COMPANIES do not have the right to a patent over human gene sequences and genetic mutations because such biological material is a product of nature, a court has been told.

The patient advocacy group Cancer Voices has launched landmark legal action against two biotechnology companies that hold patents over a genetic mutation linked to breast and ovarian cancer, known as BRCA1.

The Federal Court has been asked for the first time to decide if patents granted over segments of human DNA are valid.

The US biotech company Myriad Genetics and the exclusive Australian licensee, Genetic Technologies, have a monopoly right to control the use of the BRCA1 mutation for research and development as well as diagnostic testing.

It was granted on the basis that the process of isolating the gene from the human body in a laboratory constituted an “invention”.

In 2008, Genetic Technologies threatened to invoke its patent by ordering all other laboratories to stop performing BRCA1 diagnostic testing but withdrew after a public backlash. The patent is enforced in the US.

Rebecca Gilsenan, from Maurice Blackburn lawyers, which is running the case pro bono, said isolating a gene from the human body cannot amount to a patentable invention, as it is merely a ”discovery”.

Under Australian law, patents can only be granted over “inventions” which constitute a “manner of manufacture” or “manner of new manufacture”.

The court will have to decide whether a naturally occurring biological material when isolated from its natural environment is a ”manner of manufacture”.

Ms Gilsenan said the plaintiffs would argue there were no material structural or functional differences between a BRCA1 gene that is inside the body and a BRCA1 gene that has been isolated from the body.

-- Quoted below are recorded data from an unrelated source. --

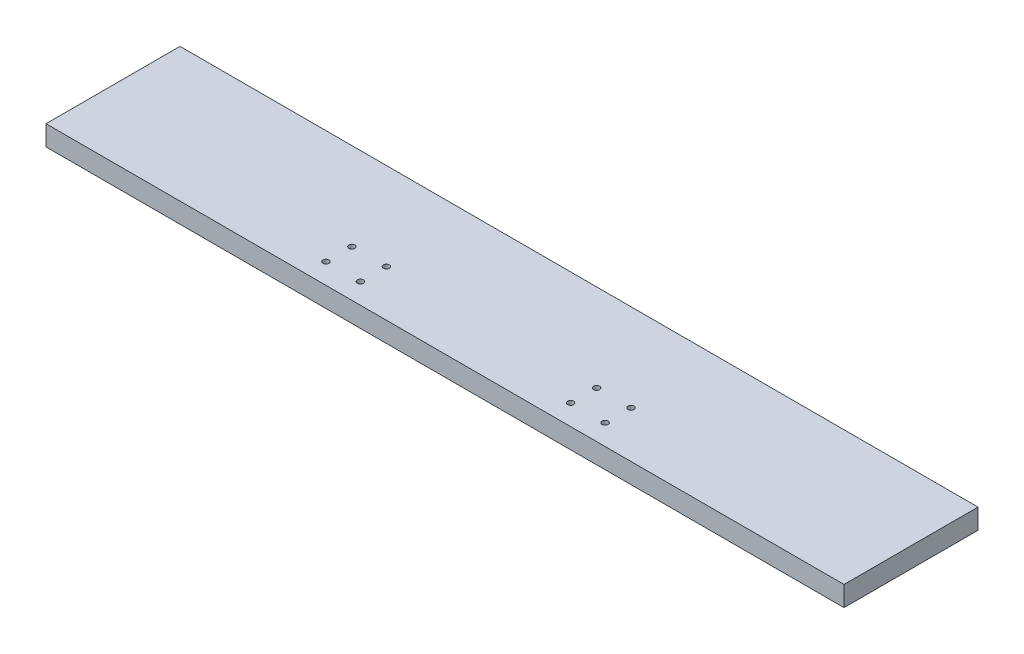
SolidWorks part; units mm, degrees
ref_plane "Front Plane" through (0, 0, 0) normal (0, 0, 1) x (1, 0, 0)
ref_plane "Top Plane" through (0, 0, 0) normal (0, 1, 0) x (1, 0, 0)
ref_plane "Right Plane" through (0, 0, 0) normal (1, 0, 0) x (0, 0, -1)
sketch "Sketch2" plane through (0, 0, 0) normal (0, 1, 0) x (1, 0, 0)
  line L1 (0, 0) -> (756.412, 0)
  line L2 (0, 0) -> (0, 127)
  line L3 (0, 127) -> (756.412, 127)
  line L4 (756.412, 0) -> (756.412, 127)
  dimension "D1" = 127
  dimension "D2" = 756.412
extrude "Boss-Extrude1" add sketch "Sketch2" along normal blind 19.05
sketch "Sketch3" plane through (0, 19.05, 0) normal (0, 1, 0) x (1, 0, 0)
  circle A0 centre (245.9291, 19.4627) radius 2.8512
  circle A1 centre (278.5808, 19.4627) radius 2.8511
  circle A2 centre (278.5808, 44.0372) radius 2.8511
  circle A3 centre (245.9291, 44.0372) radius 2.8512
  circle A4 centre (477.8311, 19.4628) radius 2.8511
  circle A5 centre (510.4828, 19.4628) radius 2.8511
  circle A6 centre (510.4828, 44.0373) radius 2.8511
  circle A7 centre (477.8311, 44.0373) radius 2.8511
extrude "Cut-Extrude1" cut sketch "Sketch3" against normal up to next

However, David Shavin, QC, for Myriad, told the court that when removed from the body and used to predict a person’s predisposition to breast or ovarian cancer, the isolated nucleic acid is, in fact, different to that which exists in the cell.

”We are not seeking to patent the BRACA1 gene,” he said. ”The thing that has been created and isolated … is an artificially constructed state of affairs.”

Cancer Voices says allowing genetic mutations linked to specific diseases to be patented could restrict access to life-saving diagnostic procedures and actively discourage scientific research.

”More and more research is leading to the genetic diagnosis of cancer,” the group’s executive director, John Stubbs, said outside court. ”They are our genes, we want to make sure they and the diagnostic tests that go along with them are protected.”

The second applicant, breast cancer survivor Yvonne D’Arcy, said she has taken legal action as she believes biological material should not be used for profit.

”If you’re really sick and its a genetic form of cancer, then everyone female down the line should be able to get the testing done at a price they can afford and if its patented, it won’t be,” she said.

In 2010, a US District Court ruled the same patent was invalid, but the decision was overturned on appeal last year. The American Council for Civil Liberties has petitioned the US Supreme Court to review the decision.

The hearing before Justice John Nicholas is expected to last up to eight days.